Opinion: Team USA’s Olympic dominance is becoming a side note to basketball’s international growth in Paris

Nothing quite captures basketball fans’ imagination like USA basketball each Olympic cycle. 

From the first year that pro players were permitted to wear the red, white and blue to recent superstar pairings that have put the NBA’s super team era to shame, the sight of the NBA’s very best joining forces on the Olympic stage is a spectacle that feels fresh every four years. Unlike the NBA’s All Star Game, which pits top players against each other but lacks the fundamentals and competitiveness that are central to the sport, Olympic basketball raises the stakes and ensures compelling narratives that fill the quiet portion of the NBA offseason.

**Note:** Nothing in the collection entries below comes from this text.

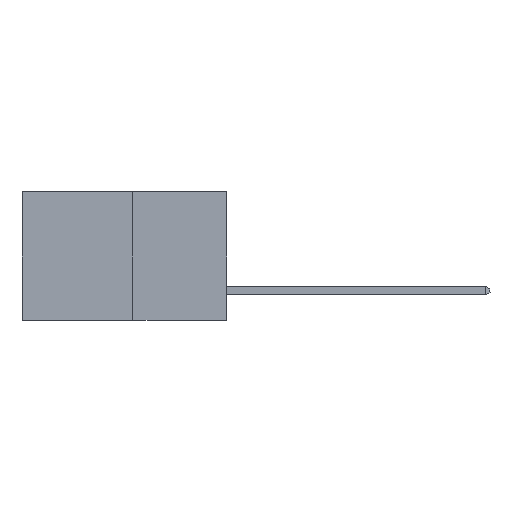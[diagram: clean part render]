
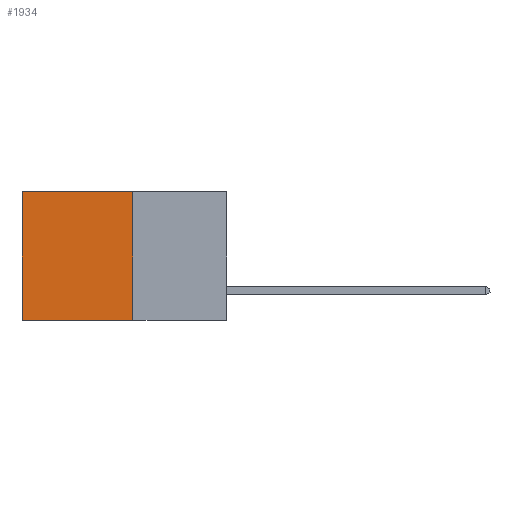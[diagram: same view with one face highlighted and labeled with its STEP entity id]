
A CAD part, left-side view. The second image highlights one B-rep face of the part: STEP entity #1934.
In plain terms, the highlighted planar face has unit normal (-1, 0, 0).
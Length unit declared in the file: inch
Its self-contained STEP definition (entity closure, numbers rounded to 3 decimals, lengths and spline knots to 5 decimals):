
#737 = CARTESIAN_POINT ( 'NONE',  ( 0.277, 0.27, 0. ) ) ;
#1038 = ORIENTED_EDGE ( 'NONE', *, *, #2840, .F. ) ;
#1238 = VERTEX_POINT ( 'NONE', #4191 ) ;
#1284 = DIRECTION ( 'NONE',  ( 0., 1., 0. ) ) ;
#1338 = EDGE_CURVE ( 'NONE', #11353, #6312, #11314, .T. ) ;
#1569 = EDGE_CURVE ( 'NONE', #11353, #5923, #8936, .T. ) ;
#1716 = DIRECTION ( 'NONE',  ( 0., 1., 0. ) ) ;
#1934 = ADVANCED_FACE ( 'NONE', ( #12604 ), #6330, .F. ) ;
#1975 = CARTESIAN_POINT ( 'NONE',  ( 0.277, 0.59, -0.37 ) ) ;
#1983 = ORIENTED_EDGE ( 'NONE', *, *, #5089, .T. ) ;
#2840 = EDGE_CURVE ( 'NONE', #5923, #1238, #8760, .T. ) ;
#3033 = DIRECTION ( 'NONE',  ( 0., 0., -1. ) ) ;
#4191 = CARTESIAN_POINT ( 'NONE',  ( 0.277, 0.59, -0.37 ) ) ;
#4224 = EDGE_LOOP ( 'NONE', ( #1983, #1038, #7282, #5261 ) ) ;
#4242 = DIRECTION ( 'NONE',  ( 1., 0., 0. ) ) ;
#4294 = DIRECTION ( 'NONE',  ( 0., 0., -1. ) ) ;
#4448 = CARTESIAN_POINT ( 'NONE',  ( 0.277, 0.27, -0.37 ) ) ;
#4472 = DIRECTION ( 'NONE',  ( 0., 0., -1. ) ) ;
#4670 = CARTESIAN_POINT ( 'NONE',  ( 0.277, 0.27, -0.37 ) ) ;
#5047 = CARTESIAN_POINT ( 'NONE',  ( 0.277, 0.27, -0.37 ) ) ;
#5089 = EDGE_CURVE ( 'NONE', #6312, #1238, #6311, .T. ) ;
#5261 = ORIENTED_EDGE ( 'NONE', *, *, #1338, .T. ) ;
#5923 = VERTEX_POINT ( 'NONE', #4670 ) ;
#6311 = LINE ( 'NONE', #1975, #7928 ) ;
#6312 = VERTEX_POINT ( 'NONE', #10962 ) ;
#6330 = PLANE ( 'NONE',  #8399 ) ;
#7139 = CARTESIAN_POINT ( 'NONE',  ( 0.277, 0.27, -0.37 ) ) ;
#7282 = ORIENTED_EDGE ( 'NONE', *, *, #1569, .F. ) ;
#7928 = VECTOR ( 'NONE', #3033, 39.37008 ) ;
#8399 = AXIS2_PLACEMENT_3D ( 'NONE', #7139, #4242, #4294 ) ;
#8631 = VECTOR ( 'NONE', #4472, 39.37008 ) ;
#8760 = LINE ( 'NONE', #5047, #10087 ) ;
#8936 = LINE ( 'NONE', #4448, #8631 ) ;
#10087 = VECTOR ( 'NONE', #1716, 39.37008 ) ;
#10695 = CARTESIAN_POINT ( 'NONE',  ( 0.277, 0.27, 0. ) ) ;
#10962 = CARTESIAN_POINT ( 'NONE',  ( 0.277, 0.59, 0. ) ) ;
#11010 = VECTOR ( 'NONE', #1284, 39.37008 ) ;
#11314 = LINE ( 'NONE', #737, #11010 ) ;
#11353 = VERTEX_POINT ( 'NONE', #10695 ) ;
#12604 = FACE_OUTER_BOUND ( 'NONE', #4224, .T. ) ;

The star-studded squad that America sent to Paris is no exception. Flagbearer LeBron James is back at age 39 and is surrounded by many of the candidates to be the new face of the NBA: four-time NBA champion Stephen Curry, recent NBA MVP Joel Embiid, NBA champion Jayson Tatum, longtime rival Kevin Durant, 2024 breakout star Anthony Edwards. The coaching staff alone boasts a total of seven NBA Finals victories between head coach Steve Kerr and assistants Erik Spoelstra and Tyronn Lue. So far, Team USA has lived up to its billing with a 110-84 victory over Nikola Jokic and Serbia and a 103-86 win over South Sudan, a remarkable underdog that nearly toppled them earlier this summer. 

Watching Team USA never gets old, but it’s no longer the most interesting aspect of Olympic competition. The international growth of the game is taking over the territory Team USA once controlled, as the Summer Olympics have highlighted the accelerated pace that high-level basketball is making across the globe.

I can pinpoint the exact game that sparked this realization for me — the battle between Group A contestants Canada and Greece. The abundance of NBA players in Canada’s lineup, including NBA champion Jamal Murray, MVP runner-up Shai Gilgeous-Alexander and former top-three pick R.J. Barrett, made picking out recognizable faces from the starting lineup and rotation a real treat, while a recent Finals MVP, Giannis Antetokounmpo, impressed me by willing his country back into the contest in the final minutes before falling 86-79. Greece also lost its second game of the group stage despite having the Greek Freak in his prime.

Canada’s Group isn’t the only one littered with talent. Germany is continuing its recent international dominance behind two Orlando Magic standouts, Franz and Moritz Wagner, while undefeated France boasts 7-foot-4 Victor Wembanyama, defensive stalwart Rudy Gobert and ascending Wizards guard Bilal Coulibaly. That team should only improve in future tournaments, with three of the NBA’s top six picks from this summer’s draft coming from the country. While Team USA has no shortage of scoring options and isn’t reliant on any single option, the fact that only one Team USA player (Kevin Durant) cracks the top ten in points per game in Paris underscores the must-watch performances that have come from countries around the globe. 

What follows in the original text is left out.